Soundtrack album by M83, Anthony Gonzalez, and Joseph Trapanese
- Released: April 16, 2013
- Recorded: 2012–2013
- Studios: Newman Scoring Stage, 20th Century Fox Studios; Henson Recording Studios; Remote Control Productions; Conway Studios; NRG Studios; AIR Studios;
- Genres: Electronic; orchestral;
- Length: 69:06 (standard); 113:36 (deluxe edition);
- Label: Back Lot Music
- Producers: Anthony Gonzalez; Joseph Trapanese; Bryan Lawson;

M83 chronology
| Hurry Up, We're Dreaming (2011) | Oblivion (Original Motion Picture Soundtrack) (2013) | Junk (2016) |

Singles from Oblivion (Original Motion Picture Soundtrack)
- "Oblivion" Released: April 2, 2013;

= Oblivion (2013 soundtrack) =

Oblivion (Original Motion Picture Soundtrack) is the soundtrack to the 2013 film of the same name featuring the original score composed by Anthony Gonzalez of the French electronic music project M83 and Joseph Trapanese. However, M83 was credited for the soundtrack. The album features electronic and orchestral music that was recorded specifically for the film for more than a year. Aside from the score, a six-minute title track was released as the single from the film on April 2, 2013. The soundtrack was released in digital and physical formats on April 16 by Back Lot Music, along with a deluxe edition released on the same day. It was released on vinyl by Mondo on April 30.

== Development ==
The original music is composed by the French electronic act M83, which consisted solely of Anthony Gonzalez at the time. Director Kosinski wanted M83 to score the film, recalling his first treatment on Oblivion from 2005, which listed M83 as the soundtrack's composer, and his collaboration with Daft Punk for Tron: Legacy (2010) on "bringing artists from outside the film business to create an original sound for the film" worked out well as the score received critical acclaim. However, he felt Daft Punk's music did not make sense with the film, and it had to be an artist whose music fit the themes and story he wanted to tell. He felt that M83's music was fresh, original, big, and epic, but at the same time emotional, and since it is "a very emotional film" he thought that the music would be apt for the film.

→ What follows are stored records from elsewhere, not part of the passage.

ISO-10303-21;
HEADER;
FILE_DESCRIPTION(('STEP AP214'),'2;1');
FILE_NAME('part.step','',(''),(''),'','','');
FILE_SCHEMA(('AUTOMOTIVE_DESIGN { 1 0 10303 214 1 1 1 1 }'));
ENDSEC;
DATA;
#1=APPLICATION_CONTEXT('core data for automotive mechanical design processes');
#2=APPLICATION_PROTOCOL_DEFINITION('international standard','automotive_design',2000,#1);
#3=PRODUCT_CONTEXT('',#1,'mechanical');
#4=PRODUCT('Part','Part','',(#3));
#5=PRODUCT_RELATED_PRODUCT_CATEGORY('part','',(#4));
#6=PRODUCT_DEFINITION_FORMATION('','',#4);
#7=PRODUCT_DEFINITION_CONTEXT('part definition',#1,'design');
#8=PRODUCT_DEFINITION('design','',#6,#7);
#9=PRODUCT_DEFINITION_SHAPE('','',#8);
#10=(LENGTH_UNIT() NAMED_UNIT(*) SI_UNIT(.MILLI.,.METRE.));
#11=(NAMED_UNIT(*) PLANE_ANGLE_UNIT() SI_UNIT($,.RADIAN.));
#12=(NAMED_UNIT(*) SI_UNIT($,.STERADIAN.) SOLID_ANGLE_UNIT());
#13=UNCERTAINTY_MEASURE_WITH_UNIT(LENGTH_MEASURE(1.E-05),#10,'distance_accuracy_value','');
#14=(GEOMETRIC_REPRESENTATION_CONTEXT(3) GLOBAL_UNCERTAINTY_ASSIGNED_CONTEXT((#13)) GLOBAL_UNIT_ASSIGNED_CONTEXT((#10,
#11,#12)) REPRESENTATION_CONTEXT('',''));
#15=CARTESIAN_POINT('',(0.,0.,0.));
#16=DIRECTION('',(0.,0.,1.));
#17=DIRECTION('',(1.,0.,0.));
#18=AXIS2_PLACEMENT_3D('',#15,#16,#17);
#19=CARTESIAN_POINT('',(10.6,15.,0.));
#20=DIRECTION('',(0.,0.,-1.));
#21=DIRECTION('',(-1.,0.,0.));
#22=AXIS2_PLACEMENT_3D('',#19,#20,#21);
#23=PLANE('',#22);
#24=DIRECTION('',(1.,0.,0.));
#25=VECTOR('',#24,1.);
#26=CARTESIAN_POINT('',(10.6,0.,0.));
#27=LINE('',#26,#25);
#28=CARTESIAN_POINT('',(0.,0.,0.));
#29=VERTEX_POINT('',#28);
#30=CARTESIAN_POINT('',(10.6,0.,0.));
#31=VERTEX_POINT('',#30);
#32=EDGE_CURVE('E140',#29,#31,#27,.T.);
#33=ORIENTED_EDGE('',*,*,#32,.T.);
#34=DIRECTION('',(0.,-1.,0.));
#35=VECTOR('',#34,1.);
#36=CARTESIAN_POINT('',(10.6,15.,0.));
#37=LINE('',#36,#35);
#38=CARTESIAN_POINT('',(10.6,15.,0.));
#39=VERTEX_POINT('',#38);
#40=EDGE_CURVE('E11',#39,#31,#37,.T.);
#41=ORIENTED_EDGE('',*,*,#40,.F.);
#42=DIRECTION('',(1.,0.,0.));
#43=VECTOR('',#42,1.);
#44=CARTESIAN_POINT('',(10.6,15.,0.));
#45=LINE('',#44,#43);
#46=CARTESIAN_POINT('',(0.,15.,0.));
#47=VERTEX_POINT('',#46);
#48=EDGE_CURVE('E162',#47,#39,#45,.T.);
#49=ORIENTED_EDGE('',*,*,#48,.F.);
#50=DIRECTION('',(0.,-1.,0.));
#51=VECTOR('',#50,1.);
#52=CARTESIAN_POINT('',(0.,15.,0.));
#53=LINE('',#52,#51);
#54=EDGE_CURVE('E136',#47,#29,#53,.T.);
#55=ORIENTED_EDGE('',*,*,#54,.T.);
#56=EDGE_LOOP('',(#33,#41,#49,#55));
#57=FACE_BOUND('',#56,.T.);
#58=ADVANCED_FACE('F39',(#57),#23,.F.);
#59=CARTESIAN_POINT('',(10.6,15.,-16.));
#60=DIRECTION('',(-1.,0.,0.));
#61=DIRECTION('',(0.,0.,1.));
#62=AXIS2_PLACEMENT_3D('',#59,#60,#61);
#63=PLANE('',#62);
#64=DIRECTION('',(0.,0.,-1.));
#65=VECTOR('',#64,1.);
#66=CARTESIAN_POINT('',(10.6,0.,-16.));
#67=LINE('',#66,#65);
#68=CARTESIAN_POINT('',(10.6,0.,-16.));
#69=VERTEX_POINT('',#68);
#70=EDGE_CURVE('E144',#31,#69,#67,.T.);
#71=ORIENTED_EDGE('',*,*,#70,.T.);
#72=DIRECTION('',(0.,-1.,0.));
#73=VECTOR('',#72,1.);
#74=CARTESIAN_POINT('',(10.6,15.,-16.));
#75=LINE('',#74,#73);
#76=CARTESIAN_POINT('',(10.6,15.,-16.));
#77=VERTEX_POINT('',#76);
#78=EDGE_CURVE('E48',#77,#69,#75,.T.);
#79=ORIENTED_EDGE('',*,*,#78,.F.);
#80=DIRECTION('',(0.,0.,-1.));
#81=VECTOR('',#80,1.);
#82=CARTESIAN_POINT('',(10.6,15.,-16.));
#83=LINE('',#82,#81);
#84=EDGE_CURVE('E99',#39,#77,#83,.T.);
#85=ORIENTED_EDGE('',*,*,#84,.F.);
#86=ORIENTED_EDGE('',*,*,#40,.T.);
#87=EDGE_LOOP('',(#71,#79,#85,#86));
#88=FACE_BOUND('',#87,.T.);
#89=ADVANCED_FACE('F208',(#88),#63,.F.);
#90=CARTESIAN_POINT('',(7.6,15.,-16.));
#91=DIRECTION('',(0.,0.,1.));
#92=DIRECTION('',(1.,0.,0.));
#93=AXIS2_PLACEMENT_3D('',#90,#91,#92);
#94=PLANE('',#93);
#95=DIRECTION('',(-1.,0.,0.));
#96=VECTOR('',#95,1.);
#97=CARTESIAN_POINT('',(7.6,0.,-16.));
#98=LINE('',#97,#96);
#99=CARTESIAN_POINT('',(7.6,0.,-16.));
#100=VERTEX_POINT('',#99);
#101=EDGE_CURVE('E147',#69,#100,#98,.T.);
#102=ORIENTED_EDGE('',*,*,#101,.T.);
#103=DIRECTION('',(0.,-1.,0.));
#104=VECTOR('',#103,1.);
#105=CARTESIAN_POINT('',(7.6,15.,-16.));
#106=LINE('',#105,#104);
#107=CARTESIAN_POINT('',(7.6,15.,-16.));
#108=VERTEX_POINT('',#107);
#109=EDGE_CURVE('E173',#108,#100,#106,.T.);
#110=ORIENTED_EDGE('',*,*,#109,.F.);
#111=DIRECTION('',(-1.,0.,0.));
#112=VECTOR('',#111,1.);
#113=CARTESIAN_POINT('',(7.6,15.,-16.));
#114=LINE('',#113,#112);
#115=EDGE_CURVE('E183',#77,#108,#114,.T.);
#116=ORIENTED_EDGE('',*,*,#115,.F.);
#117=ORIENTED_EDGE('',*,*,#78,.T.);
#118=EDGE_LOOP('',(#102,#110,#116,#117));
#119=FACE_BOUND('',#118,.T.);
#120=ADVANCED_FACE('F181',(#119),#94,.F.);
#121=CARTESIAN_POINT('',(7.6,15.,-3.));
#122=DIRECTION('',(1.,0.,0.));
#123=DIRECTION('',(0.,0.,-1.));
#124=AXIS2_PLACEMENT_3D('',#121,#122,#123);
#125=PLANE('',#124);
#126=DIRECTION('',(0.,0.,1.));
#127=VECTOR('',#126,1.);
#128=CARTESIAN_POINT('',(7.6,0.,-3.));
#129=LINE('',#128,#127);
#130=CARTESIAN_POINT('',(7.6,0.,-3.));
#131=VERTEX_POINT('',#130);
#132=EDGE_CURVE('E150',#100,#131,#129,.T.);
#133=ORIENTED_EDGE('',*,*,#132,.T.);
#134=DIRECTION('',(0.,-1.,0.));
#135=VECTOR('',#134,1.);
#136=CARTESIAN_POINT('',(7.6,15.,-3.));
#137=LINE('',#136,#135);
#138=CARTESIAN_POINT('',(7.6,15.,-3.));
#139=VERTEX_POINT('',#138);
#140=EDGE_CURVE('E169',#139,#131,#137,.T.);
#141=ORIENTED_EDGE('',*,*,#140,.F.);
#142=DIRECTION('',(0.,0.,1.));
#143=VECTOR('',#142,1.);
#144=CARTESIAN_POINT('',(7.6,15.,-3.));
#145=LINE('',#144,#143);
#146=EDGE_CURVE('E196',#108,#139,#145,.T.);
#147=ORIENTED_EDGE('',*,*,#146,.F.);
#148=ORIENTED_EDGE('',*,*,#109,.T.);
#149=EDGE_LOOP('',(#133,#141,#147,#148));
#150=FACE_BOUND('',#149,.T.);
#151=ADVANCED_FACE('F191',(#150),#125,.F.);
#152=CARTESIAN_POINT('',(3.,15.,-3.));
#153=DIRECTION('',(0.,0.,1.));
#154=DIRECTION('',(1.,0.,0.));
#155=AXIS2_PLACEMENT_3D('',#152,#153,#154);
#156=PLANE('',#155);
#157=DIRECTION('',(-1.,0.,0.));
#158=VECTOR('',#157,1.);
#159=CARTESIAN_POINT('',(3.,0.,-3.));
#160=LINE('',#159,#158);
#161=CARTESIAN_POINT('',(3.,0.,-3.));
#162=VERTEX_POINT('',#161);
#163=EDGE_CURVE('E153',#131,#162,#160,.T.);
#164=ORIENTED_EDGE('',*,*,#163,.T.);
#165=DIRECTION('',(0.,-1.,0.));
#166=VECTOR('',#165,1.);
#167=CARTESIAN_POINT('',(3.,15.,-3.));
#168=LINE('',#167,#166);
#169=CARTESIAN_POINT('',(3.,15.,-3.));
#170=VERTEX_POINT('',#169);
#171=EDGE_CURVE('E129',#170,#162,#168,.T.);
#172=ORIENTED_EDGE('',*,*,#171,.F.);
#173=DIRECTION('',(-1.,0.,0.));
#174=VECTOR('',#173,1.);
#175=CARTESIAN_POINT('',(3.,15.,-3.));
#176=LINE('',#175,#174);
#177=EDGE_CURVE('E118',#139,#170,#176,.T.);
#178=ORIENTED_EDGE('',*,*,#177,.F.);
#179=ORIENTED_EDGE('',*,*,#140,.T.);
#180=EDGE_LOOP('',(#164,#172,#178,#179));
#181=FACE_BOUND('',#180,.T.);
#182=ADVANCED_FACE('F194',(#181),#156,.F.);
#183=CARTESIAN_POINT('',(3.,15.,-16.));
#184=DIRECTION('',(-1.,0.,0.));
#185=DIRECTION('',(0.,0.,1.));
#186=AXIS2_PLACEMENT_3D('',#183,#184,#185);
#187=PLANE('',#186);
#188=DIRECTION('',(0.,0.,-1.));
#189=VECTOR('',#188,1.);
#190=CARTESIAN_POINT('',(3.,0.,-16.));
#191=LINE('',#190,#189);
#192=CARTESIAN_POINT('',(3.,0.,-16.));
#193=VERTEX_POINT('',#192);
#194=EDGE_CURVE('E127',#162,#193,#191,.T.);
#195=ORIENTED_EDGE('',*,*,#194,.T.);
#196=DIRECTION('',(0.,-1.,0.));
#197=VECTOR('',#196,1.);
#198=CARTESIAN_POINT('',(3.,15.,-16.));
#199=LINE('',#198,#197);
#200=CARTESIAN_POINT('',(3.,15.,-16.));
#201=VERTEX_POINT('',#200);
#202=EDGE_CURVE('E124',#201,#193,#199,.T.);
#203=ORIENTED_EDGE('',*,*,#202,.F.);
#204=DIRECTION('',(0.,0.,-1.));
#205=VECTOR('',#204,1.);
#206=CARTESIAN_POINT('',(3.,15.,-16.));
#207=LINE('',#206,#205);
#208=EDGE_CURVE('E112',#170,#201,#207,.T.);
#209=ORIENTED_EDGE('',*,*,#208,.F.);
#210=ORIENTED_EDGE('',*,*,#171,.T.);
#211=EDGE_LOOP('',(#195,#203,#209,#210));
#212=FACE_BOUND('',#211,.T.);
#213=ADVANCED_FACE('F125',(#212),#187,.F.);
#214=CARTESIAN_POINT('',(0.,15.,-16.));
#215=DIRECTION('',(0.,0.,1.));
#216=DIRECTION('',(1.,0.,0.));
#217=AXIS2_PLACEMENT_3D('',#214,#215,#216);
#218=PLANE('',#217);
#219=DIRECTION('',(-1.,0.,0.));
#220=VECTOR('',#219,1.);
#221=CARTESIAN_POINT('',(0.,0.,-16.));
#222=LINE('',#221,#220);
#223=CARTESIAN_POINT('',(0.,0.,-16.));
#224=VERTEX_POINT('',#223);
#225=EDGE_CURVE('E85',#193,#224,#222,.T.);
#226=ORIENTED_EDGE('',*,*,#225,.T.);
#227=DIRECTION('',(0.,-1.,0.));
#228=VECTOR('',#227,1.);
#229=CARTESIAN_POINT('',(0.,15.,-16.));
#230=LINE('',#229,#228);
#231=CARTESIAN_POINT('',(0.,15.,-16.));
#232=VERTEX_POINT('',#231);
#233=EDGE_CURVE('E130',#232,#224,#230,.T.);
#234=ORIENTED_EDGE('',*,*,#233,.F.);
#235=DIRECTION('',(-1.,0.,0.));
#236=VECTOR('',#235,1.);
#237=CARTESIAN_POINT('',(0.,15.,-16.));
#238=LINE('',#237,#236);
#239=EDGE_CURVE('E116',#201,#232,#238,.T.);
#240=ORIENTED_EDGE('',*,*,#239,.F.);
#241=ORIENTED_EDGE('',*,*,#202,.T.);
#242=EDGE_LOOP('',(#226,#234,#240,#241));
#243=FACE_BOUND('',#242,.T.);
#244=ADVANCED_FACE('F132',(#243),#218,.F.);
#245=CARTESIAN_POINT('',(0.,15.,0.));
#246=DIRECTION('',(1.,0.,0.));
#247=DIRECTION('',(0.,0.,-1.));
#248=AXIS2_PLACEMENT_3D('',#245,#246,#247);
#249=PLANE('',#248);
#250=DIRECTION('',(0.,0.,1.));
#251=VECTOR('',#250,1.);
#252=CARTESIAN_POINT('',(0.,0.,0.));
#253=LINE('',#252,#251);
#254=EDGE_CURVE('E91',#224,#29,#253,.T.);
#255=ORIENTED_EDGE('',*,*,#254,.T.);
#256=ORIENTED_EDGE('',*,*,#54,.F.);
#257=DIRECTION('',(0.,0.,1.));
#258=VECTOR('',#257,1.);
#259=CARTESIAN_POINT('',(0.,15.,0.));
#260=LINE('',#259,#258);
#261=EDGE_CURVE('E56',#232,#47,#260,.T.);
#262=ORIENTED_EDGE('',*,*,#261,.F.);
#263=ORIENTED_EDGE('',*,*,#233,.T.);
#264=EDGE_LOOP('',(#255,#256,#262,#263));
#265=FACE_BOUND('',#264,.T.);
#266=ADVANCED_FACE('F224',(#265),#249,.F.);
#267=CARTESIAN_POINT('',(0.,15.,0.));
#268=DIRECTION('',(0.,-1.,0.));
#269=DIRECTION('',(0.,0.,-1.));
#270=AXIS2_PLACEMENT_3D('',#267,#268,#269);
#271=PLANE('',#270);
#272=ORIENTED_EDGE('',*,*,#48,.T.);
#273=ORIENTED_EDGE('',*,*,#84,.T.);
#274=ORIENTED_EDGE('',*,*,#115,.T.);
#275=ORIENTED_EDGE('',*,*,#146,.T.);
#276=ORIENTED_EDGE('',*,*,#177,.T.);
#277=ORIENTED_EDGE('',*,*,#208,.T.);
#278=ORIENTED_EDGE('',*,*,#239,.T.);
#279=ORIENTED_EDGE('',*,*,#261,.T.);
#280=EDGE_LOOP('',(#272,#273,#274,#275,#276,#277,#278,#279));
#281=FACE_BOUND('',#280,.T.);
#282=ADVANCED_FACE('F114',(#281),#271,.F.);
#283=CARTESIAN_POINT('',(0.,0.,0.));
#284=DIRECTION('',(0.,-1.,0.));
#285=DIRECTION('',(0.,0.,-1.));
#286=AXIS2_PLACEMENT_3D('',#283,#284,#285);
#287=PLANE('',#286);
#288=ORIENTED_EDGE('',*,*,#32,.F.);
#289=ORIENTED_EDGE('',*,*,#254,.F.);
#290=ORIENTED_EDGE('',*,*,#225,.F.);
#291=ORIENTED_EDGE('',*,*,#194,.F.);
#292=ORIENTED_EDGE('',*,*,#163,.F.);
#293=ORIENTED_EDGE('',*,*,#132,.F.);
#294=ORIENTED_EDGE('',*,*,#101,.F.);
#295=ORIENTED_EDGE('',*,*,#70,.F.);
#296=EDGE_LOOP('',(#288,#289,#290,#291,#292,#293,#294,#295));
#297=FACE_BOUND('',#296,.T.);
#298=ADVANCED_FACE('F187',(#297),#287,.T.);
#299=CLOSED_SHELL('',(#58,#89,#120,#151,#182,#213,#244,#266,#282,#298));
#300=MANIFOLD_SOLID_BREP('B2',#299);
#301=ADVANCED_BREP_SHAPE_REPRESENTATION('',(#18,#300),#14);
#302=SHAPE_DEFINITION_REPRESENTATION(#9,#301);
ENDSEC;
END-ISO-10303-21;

Gonzalez did not know much about the film and started to write the score after reading the script, and experimented with the music after the final cut, so that "it switched to another vibe and change stuff altogether". At first he did not have any experience in scoring for a film, hence he was guided by Joseph Trapanese, who additionally co-wrote the score. Gonzalez explained that "I worked with Joseph a lot, and he's very particular about the music in his movies, so we spent a lot of time talking about music and working the arrangements together." Trapanese first came to Kosinski's attention when he collaborated with Daft Punk on Tron: Legacy as arranger and orchestrator.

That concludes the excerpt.